From “You be the Judge” in Robbery:
- In order to prove the crime of second-degree robbery, the State was required to prove that Moto was “taking or attempting to take property from the immediate presence and control of another” person, and that he “use[d] or threaten[ed] the immediate use of force” upon another person with the “intent to … prevent or overcome resistance to the taking … or the retention of the property.” Moto took the computer from Vesotski’s “immediate presence or control” because Vesotski was lying in bed and the computer was approximately ten to twelve feet away on his desk. Property is in a victim’s ‘immediate presence or control’ if the property is ‘close enough to the victim and sufficiently under his control that, had the victim not been subjected to violence, he could have prevented the taking. Also, Moto used force when he told Vesotski he would kill him if Vesotski did not put his head back on his pillow, or if Vesotski reported the incident to the police. These threats prevented Vesotski from retaining his computer. Moto v. State, 2010 WL 4138413 (Alaska App. 2010).
From “You be the Judge” in Sexual Violence:
- Under the current definition of “without consent” this conduct would qualify as a third-degree sexual assault. AS 11.41.425(a)(7). The law does not require coercion, force, or the threat of force to qualify as “sexual contact with another person without consent of that person.” See id.
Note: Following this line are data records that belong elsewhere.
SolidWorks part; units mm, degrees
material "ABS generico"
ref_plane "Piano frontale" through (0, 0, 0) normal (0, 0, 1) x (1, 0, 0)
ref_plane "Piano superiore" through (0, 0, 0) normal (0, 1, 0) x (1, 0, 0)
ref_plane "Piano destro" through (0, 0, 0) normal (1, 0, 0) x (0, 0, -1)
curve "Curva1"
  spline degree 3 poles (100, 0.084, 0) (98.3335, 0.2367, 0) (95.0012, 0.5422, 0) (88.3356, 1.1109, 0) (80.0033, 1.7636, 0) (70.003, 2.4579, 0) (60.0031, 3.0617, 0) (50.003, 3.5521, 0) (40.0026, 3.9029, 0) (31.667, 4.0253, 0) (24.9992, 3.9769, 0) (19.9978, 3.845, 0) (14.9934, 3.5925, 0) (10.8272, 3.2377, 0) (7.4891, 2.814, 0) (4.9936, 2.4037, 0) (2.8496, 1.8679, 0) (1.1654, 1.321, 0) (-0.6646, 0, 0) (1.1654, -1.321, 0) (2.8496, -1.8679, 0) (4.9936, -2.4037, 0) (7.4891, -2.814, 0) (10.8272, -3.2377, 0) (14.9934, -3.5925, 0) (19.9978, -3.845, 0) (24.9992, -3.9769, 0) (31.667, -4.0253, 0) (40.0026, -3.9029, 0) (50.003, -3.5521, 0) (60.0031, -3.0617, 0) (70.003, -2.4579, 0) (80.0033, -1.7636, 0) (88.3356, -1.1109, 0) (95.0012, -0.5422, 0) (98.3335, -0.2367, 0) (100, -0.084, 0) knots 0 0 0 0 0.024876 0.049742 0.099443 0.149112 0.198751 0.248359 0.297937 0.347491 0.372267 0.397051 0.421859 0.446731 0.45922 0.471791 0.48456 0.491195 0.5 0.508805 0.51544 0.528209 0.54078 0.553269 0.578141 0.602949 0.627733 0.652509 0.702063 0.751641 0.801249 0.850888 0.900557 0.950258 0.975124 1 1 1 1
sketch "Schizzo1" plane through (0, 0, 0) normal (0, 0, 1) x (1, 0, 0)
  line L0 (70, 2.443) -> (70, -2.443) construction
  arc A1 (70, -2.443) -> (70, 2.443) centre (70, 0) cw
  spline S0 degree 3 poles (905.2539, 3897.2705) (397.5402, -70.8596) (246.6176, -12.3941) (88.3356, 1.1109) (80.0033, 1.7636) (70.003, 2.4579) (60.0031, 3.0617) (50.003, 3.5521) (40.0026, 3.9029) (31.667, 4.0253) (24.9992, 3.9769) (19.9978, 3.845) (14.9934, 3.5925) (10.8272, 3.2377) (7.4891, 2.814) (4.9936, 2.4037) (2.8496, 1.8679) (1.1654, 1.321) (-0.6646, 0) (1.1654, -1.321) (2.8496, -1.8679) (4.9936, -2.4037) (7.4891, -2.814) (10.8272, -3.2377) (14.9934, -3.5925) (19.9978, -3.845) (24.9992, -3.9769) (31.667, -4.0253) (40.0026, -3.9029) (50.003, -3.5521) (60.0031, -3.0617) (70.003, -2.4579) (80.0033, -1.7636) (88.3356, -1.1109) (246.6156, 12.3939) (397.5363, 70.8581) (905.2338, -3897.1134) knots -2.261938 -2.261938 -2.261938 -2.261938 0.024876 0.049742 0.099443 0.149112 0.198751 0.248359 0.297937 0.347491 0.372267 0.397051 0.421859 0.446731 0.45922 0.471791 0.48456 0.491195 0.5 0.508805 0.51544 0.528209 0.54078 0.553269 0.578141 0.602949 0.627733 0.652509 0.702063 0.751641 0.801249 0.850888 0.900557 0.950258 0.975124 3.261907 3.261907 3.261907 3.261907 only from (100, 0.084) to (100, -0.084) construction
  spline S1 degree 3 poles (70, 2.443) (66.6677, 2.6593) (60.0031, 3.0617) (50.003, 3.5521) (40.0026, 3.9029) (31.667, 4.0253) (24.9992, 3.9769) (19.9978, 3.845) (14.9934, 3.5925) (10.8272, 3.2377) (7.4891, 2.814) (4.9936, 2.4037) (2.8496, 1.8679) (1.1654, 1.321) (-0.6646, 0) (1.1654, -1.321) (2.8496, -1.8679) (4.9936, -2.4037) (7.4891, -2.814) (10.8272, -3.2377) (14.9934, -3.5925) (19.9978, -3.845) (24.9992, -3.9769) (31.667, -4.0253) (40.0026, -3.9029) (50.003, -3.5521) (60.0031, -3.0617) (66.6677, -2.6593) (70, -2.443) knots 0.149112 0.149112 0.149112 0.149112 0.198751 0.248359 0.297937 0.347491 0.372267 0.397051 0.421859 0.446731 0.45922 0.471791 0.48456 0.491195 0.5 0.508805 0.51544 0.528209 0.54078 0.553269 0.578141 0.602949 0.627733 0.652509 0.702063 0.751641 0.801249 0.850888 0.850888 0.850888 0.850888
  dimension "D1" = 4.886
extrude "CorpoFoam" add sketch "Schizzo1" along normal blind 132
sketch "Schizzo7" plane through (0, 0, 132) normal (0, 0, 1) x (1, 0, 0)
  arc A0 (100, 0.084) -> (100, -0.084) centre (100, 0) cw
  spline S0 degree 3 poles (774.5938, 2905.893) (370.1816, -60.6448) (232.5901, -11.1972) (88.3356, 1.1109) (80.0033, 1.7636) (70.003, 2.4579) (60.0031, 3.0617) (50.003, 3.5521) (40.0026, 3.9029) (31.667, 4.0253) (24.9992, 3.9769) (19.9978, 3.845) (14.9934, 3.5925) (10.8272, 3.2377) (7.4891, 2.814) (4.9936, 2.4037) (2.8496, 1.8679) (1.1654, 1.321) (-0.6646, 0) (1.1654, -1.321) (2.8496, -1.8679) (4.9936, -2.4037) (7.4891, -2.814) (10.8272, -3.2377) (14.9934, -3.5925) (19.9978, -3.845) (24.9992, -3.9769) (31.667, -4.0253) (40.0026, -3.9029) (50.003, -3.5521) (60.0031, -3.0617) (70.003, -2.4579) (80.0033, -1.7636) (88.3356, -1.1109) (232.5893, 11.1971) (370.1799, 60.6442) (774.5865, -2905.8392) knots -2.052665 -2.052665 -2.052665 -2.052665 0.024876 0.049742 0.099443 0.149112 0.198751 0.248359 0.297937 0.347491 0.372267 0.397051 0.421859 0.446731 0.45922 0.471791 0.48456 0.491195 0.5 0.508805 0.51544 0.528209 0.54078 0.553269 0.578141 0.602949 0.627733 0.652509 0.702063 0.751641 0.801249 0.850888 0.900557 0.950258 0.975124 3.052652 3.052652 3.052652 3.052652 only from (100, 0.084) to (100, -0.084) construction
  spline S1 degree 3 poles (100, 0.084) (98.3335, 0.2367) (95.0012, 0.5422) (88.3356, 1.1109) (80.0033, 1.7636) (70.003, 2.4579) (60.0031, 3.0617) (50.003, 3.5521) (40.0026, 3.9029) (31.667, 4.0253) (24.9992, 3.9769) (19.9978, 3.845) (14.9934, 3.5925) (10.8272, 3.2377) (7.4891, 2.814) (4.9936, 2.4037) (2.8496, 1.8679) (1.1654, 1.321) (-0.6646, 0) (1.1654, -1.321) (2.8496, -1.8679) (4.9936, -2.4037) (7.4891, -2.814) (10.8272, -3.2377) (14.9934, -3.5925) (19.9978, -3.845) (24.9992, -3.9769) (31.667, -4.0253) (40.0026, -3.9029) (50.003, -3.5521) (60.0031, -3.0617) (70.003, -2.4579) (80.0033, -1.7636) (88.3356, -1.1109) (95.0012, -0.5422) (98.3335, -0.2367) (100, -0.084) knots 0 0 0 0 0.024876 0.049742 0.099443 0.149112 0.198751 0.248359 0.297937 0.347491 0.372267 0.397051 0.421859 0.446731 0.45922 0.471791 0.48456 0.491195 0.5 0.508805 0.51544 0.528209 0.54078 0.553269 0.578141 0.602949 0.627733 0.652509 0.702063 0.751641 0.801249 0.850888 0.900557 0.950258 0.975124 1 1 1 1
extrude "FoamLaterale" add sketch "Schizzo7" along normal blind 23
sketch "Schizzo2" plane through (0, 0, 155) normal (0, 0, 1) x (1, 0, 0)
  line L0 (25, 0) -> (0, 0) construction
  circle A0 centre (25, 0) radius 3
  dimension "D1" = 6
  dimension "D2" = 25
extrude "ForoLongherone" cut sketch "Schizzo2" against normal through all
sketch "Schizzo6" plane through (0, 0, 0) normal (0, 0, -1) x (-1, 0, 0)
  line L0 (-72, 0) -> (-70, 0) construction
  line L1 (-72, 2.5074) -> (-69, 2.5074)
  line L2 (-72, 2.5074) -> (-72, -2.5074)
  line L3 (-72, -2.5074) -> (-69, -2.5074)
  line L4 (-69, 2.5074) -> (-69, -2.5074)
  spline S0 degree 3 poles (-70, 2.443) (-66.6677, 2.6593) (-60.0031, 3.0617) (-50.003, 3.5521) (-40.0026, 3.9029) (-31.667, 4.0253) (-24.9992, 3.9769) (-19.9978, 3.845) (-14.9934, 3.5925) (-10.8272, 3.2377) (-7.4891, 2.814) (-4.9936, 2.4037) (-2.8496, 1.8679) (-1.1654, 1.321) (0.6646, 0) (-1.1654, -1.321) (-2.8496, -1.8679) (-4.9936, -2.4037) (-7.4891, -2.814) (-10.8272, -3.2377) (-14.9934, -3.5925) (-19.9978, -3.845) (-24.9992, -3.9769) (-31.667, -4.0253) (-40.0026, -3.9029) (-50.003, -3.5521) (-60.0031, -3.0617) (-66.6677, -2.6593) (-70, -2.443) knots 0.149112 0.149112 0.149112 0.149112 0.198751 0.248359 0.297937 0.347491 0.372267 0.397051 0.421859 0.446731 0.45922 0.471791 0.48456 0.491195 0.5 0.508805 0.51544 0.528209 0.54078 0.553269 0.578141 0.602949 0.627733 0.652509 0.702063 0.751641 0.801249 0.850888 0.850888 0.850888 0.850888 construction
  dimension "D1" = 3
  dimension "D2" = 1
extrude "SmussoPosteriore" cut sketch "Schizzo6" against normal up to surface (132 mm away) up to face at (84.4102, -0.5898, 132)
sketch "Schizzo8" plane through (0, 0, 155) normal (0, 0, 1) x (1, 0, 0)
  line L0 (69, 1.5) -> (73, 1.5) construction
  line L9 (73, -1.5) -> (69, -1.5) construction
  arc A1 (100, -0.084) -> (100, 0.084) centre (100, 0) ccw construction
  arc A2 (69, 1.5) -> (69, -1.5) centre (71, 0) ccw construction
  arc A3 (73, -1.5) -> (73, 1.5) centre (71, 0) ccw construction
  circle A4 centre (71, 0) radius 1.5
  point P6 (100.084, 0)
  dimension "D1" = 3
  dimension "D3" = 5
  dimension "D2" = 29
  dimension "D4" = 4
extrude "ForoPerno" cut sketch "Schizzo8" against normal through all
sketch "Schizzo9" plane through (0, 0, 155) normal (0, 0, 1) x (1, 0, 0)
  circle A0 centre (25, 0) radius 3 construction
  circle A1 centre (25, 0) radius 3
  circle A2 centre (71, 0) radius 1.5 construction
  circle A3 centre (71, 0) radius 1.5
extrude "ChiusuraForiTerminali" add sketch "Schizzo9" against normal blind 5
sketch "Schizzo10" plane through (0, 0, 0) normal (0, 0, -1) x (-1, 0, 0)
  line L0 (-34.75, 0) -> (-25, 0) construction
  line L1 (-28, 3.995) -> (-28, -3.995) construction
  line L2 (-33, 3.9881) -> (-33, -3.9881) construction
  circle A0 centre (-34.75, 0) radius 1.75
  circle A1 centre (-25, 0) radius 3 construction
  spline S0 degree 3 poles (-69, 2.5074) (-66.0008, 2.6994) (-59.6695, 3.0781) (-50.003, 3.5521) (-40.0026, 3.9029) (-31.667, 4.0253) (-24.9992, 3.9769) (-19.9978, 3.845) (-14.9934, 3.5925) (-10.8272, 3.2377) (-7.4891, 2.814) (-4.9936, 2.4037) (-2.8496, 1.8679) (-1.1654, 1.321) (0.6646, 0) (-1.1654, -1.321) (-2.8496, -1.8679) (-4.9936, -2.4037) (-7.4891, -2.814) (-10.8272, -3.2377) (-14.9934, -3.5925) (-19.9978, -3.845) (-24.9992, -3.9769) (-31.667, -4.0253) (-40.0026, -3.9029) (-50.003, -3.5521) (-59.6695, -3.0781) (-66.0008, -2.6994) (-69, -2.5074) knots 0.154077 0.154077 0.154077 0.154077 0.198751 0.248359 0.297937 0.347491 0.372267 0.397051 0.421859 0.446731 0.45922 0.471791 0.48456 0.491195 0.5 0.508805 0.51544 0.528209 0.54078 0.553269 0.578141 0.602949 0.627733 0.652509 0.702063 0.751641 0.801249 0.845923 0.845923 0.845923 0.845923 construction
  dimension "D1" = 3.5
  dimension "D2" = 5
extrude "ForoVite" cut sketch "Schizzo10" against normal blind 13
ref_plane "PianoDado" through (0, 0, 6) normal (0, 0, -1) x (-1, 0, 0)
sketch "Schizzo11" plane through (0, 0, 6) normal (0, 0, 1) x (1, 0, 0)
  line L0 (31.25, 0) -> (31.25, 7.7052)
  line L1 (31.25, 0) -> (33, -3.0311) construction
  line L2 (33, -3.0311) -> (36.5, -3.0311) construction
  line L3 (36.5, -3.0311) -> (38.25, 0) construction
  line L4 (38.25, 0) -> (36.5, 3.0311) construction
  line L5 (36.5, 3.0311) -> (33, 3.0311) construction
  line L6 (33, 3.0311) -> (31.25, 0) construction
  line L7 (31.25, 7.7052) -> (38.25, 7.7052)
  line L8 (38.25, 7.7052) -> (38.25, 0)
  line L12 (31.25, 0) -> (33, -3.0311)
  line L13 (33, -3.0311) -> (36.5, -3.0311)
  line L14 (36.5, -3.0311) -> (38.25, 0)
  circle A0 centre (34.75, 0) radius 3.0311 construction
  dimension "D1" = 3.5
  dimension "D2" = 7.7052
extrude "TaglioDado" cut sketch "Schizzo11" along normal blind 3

This is a recent change to Alaska law. In 2022, the Alaska legislature changed the definition of “without consent”. Before the change, this conduct would not constitute a sexual assault. In State v. Townsend, 2011 WL 4107008 (Alaska App. 2011), the Court of Appeals explained that the phrase “without consent” under the prior law required the State to prove that the defendant did something more than the simple forcible touching. The State was required to show that the victim was compelled to submit to the sexual touching because the defendant coerced the victim to submit to the sexual assault by the use of force or the imminent threat of force. Thus, under the prior law, Townsend did not touch Tim “without consent” as that term was defined in the criminal code. “The evidence shows that, when Townsend assaulted him, [Tim] was not intimidated but reacted immediately to terminate the assault.” You can read the entire opinion online using your UA credentials.